CR Contalmaison poppies

The weekend has provided me with ample inspiration drawn from the past.

Today, along with some fifty others from, or associated with, Scotland, I attended the ceremony to mark with respect the sacrifice of an earlier generation at Contalmaison in Northern France.

Councillors Rose Jackson and Henderson along with Provost of Falkirk, Pat Reid (and the back of Iain McGill's head....)
Councillors Rose Jackson and Henderson along with Provost of Falkirk, Pat Reid (and the back of Iain McGill’s head….)

It commemorates the dead of the 16th Royal Scots volunteer battalion formed by Sir George McCrae, known as ‘The Sporting Battalion’, who participated in the First Battle of the Somme, beginning on 1 July 1916. The battalion was notable for its high number of casualties of professional sportsmen and fans drawn from the football clubs, Heart of Midlothian, Hibernian, Raith Rovers, Falkirk and Dunfermline along with a variety of other sporting clubs. The memorial cairn has become something of a pilgrimage for Scottish football fans and sportsmen.

Contalmaison Church
Contalmaison Church

Today’s event was made possible by the warm and generous hospitality of the people of Contalmaison (123 inhabitants). The village which was destroyed in the fighting, lost eight of its own men during the First World War and the ceremony combined Scottish and French remembrance.

The ceremony today was both moving and inspirational. The flags, wreaths, music and a meticulously researched re-telling of the ultimate sacrifice of just one of the young soldiers by Jack Alexander made for a memorable and inspiring ceremony of remembrance. Jack has been the principal driving force behind the commemorative ceremony, perhaps culminating in the erection of the Contalmaison Cairn in 2004.

CR Contalmaison 4

Two days earlier George Yu, a Chinese Eric Liddell enthusiast, had recreated a famous walk the missionary worker and Olympic hero made to Waverley Station from Hope Terrace in the Grange. On 29 June 1925, a year after his Olympic triumph, thousands of Edinburgh folk lined the route to pay their respects to the Paris gold medallist, Liddell, as he left Edinburgh to become a missionary in China – where he was to die 20 years later in an internment camp.

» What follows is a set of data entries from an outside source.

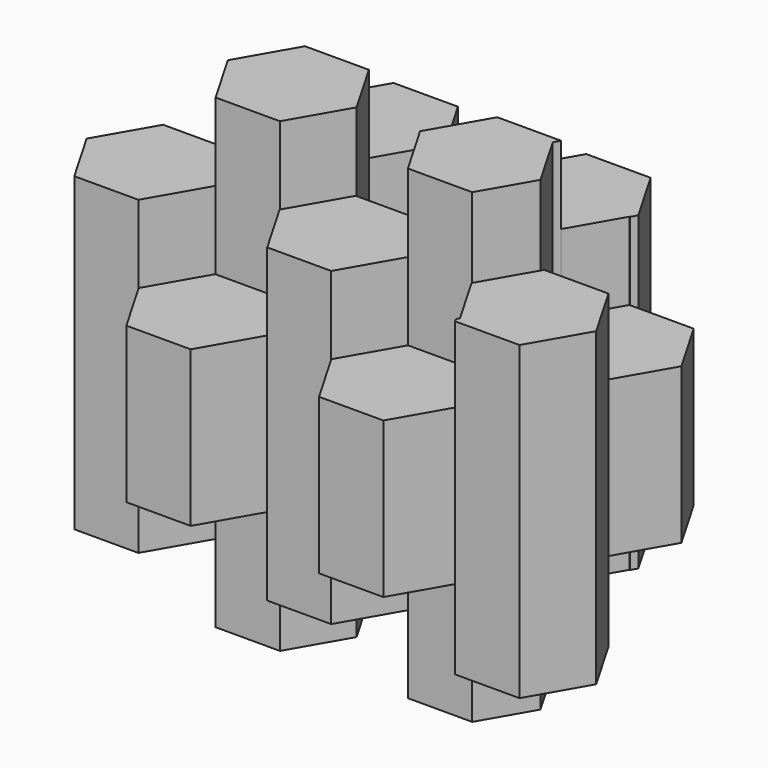
from build123d import *

# Parameters (mm, degrees)
F1_DEPTH      = 25.4
F1_DEPTH_BACK = 25.4
F2_DEPTH      = 50.8
F2_DEPTH_BACK = 50.8
F3_DEPTH      = 76.2
F3_DEPTH_BACK = 76.2


# Not quite as in the source:
# - ends of sketch curves that miss each other by under 0.0002 mm in the source are joined


with BuildPart() as f1:
    # F0 (on Top) → F1 (new body, two sides)
    with BuildSketch(Plane.XY) as f1_sk:
        Polygon((-34.353646, 7.18203), (-23.898079, 25.341705), (-23.965786, 25.458653), (-34.421353, 7.298978), align=None)
        Polygon((-55.38092, 7.11486), (-34.412292, 7.139928), (-34.421353, 7.155578), (-55.389981, 7.130511), align=None)
        Polygon((-34.377863, 7.139969), (-34.353646, 7.18203), (-34.421353, 7.298978), (-23.965786, 25.458653), (-34.421353, 43.518332), (-55.42441, 43.493223), (-65.904194, 25.291487), (-55.389981, 7.130511), (-34.421353, 7.155578), (-34.412292, 7.139928), align=None)
    extrude(amount=F1_DEPTH)
    extrude(f1_sk.sketch, amount=-F1_DEPTH_BACK)


with BuildPart() as f1b:
    # F0 (on Top) → F1, piece 2 (new body, two sides)
    with BuildSketch(Plane.XY) as f1_2_sk:
        Polygon((-23.898079, -11.021049), (-23.935389, -10.956603), (-23.941568, -10.95661), (-34.421352, -29.158346), (-34.384041, -29.222792), (-34.377863, -29.222784), align=None)
        Polygon((7.584763, -29.108128), (-2.938511, -10.931502), (-3.004525, -11.046158), (7.518749, -29.222785), align=None)
        Polygon((-2.938511, -10.931502), (-23.935389, -10.956603), (-23.898079, -11.021049), (-34.377863, -29.222784), (-34.384041, -29.222792), (-23.898078, -47.334973), (-2.895021, -47.309864), (7.518749, -29.222785), (-3.004525, -11.046158), align=None)
    extrude(amount=F1_DEPTH)
    extrude(f1_2_sk.sketch, amount=-F1_DEPTH_BACK)


with BuildPart() as f1c:
    # F0 (on Top) → F1, piece 3 (new body, two sides)
    with BuildSketch(Plane.XY) as f1_3_sk:
        Polygon((7.541273, 43.727559), (-2.938511, 25.525823), (-2.895021, 25.525875), (7.584763, 43.72761), align=None)
        Polygon((39.067603, 25.576041), (28.54433, 43.752668), (28.523653, 43.716755), (39.046927, 25.540128), align=None)
        Polygon((-2.938511, 25.525823), (7.584762, 7.349196), (28.424096, 7.374109), (38.875079, 25.525822), (39.038803, 25.526018), (39.046927, 25.540128), (28.523653, 43.716755), (28.54433, 43.752668), (7.584763, 43.727611), (-2.895021, 25.525875), align=None)
    extrude(amount=F1_DEPTH)
    extrude(f1_3_sk.sketch, amount=-F1_DEPTH_BACK)


with BuildPart() as f1d:
    # F0 (on Top) → F1, piece 4 (new body, two sides)
    with BuildSketch(Plane.XY) as f1_4_sk:
        Polygon((69.211585, 41.761663), (59.886261, 25.565041), (60.049984, 25.565237), (69.375308, 41.761859), align=None)
        Polygon((59.886261, 25.565041), (59.878137, 25.550931), (70.40141, 7.374305), (69.255075, 5.383301), (90.258132, 5.408409), (100.737916, 23.610145), (90.214642, 41.786772), (69.375308, 41.761859), (60.049984, 25.565237), align=None)
    extrude(amount=F1_DEPTH)
    extrude(f1_4_sk.sketch, amount=-F1_DEPTH_BACK)


with BuildPart() as f1e:
    # F0 (on Top) → F1, piece 5 (new body, two sides)
    with BuildSketch(Plane.XY) as f1_5_sk:
        Polygon((70.001467, -30.065401), (70.550445, -29.111913), (60.660062, -12.028465), (60.111084, -12.981953), align=None)
        Polygon((60.070661, -47.313649), (70.001467, -30.065401), (60.111084, -12.981953), (60.660062, -12.028465), (60.027171, -10.935286), (39.024114, -10.960395), (28.54433, -29.162131), (39.067604, -47.338758), align=None)
    extrude(amount=F1_DEPTH)
    extrude(f1_5_sk.sketch, amount=-F1_DEPTH_BACK)


with BuildPart() as f2:
    # F0 (on Top) → F2 (new body, two sides)
    with BuildSketch(Plane.XY) as f2_sk:
        Polygon((-23.935389, -10.956603), (-34.412292, 7.139928), (-55.38092, 7.11486), (-55.389981, 7.130511), (-55.42441, 7.130469), (-65.904194, -11.071266), (-55.38092, -29.247893), (-34.384041, -29.222792), (-34.421352, -29.158346), (-23.941568, -10.95661), align=None)
    extrude(amount=F2_DEPTH)
    extrude(f2_sk.sketch, amount=-F2_DEPTH_BACK)


with BuildPart() as f2b:
    # F0 (on Top) → F2, piece 2 (new body, two sides)
    with BuildSketch(Plane.XY) as f2_2_sk:
        Polygon((7.475259, 7.155578), (-2.938511, -10.931502), (7.584763, -29.108128), (7.518749, -29.222785), (28.521806, -29.197676), (39.00159, -10.99594), (38.918569, -10.85254), (28.478316, 7.180687), align=None)
    extrude(amount=F2_DEPTH)
    extrude(f2_2_sk.sketch, amount=-F2_DEPTH_BACK)


with BuildPart() as f2c:
    # F0 (on Top) → F2, piece 3 (new body, two sides)
    with BuildSketch(Plane.XY) as f2_3_sk:
        Polygon((60.660062, -12.028465), (70.550445, -29.111913), (70.001467, -30.065401), (70.634358, -31.15858), (91.637415, -31.133471), (102.117199, -12.931735), (91.593925, 5.244892), (70.590868, 5.219783), align=None)
    extrude(amount=F2_DEPTH)
    extrude(f2_3_sk.sketch, amount=-F2_DEPTH_BACK)


with BuildPart() as f2d:
    # F0 (on Top) → F2, piece 4 (new body, two sides)
    with BuildSketch(Plane.XY) as f2_4_sk:
        Polygon((39.003437, 61.918491), (28.54433, 43.752668), (39.067603, 25.576041), (39.046927, 25.540128), (59.886261, 25.565041), (69.211585, 41.761663), (69.375308, 41.761859), (70.529768, 43.766973), (60.006494, 61.9436), align=None)
    extrude(amount=F2_DEPTH)
    extrude(f2_4_sk.sketch, amount=-F2_DEPTH_BACK)


with BuildPart() as f2e:
    # F0 (on Top) → F2, piece 5 (new body, two sides)
    with BuildSketch(Plane.XY) as f2_5_sk:
        Polygon((-34.421352, 43.677393), (-23.898078, 25.500766), (-2.938511, 25.525823), (7.541273, 43.727559), (7.584763, 43.727611), (-2.938511, 61.904237), (-23.941568, 61.879128), align=None)
    extrude(amount=F2_DEPTH)
    extrude(f2_5_sk.sketch, amount=-F2_DEPTH_BACK)


with BuildPart() as f3:
    # F0 (on Top) → F3 (new body, two sides)
    with BuildSketch(Plane.XY) as f3_sk:
        Polygon((-23.965786, 25.458653), (-23.898079, 25.341705), (-34.353646, 7.18203), (-23.898079, -10.877648), (-2.895022, -10.85254), (7.584762, 7.349196), (-2.938511, 25.525823), (-23.898078, 25.500766), (-23.941569, 25.500714), align=None)
    extrude(amount=F3_DEPTH)
    extrude(f3_sk.sketch, amount=-F3_DEPTH_BACK)


with BuildPart() as f3b:
    # F0 (on Top) → F3, piece 2 (new body, two sides)
    with BuildSketch(Plane.XY) as f3_2_sk:
        Polygon((28.58782, 7.374305), (28.424096, 7.374109), (28.395295, 7.324087), (28.478316, 7.180687), (38.918569, -10.85254), (59.921626, -10.827431), (69.255075, 5.383301), (58.731801, 23.559927), (59.878137, 25.550931), (39.038803, 25.526018), align=None)
    extrude(amount=F3_DEPTH)
    extrude(f3_2_sk.sketch, amount=-F3_DEPTH_BACK)


solid = Compound([f1.part, f1b.part, f1c.part, f1d.part, f1e.part, f2.part, f2b.part, f2c.part, f2d.part, f2e.part, f3.part, f3b.part])

Two moving events, in which the selfless sacrifice of humans in differing circumstances will surely continue to shape our future.

Mr Yu hopes the “Flying Scotsman” will become an annual event and way of honouring the man who helped inspire the 1981 Oscar-winning film Chariots of Fire. He said:- “My hope is that this will become an annual event celebrating one of Edinburgh and Scotland’s greatest citizens.”

MCCRAE’S BATTALION: Raised in Edinburgh shortly after the start of the Great War, it was perhaps the finest unit in Lord Kitchener’s volunteer army – a brotherhood of sportsmen, bound together by their extraordinary colonel and their loyalty to the famous Gorgie ‘Hearts’. McCrae’s were blooded in the Battle of the Somme, losing three-quarters of their strength on the first day alone. The Colonel himself was invalided home. In time the battalion recovered. It came of age at Arras, endured the muddy horror of Passchendaele, and held the line unbroken in the face of furious German attacks on the Lys in 1918. For almost a century their story remained untold. It was all but lost forever. Jack Alexander, through 12 years of exacting historical detective work, has reclaimed the 16th Royal Scots for posterity in his book ‘McCrae’s Battallion’. In it he draws upon interviews with veterans and a unique archive of letters, diaries and photographs, assembled from the families of more than 1,000 of Sir George McCrae’s men.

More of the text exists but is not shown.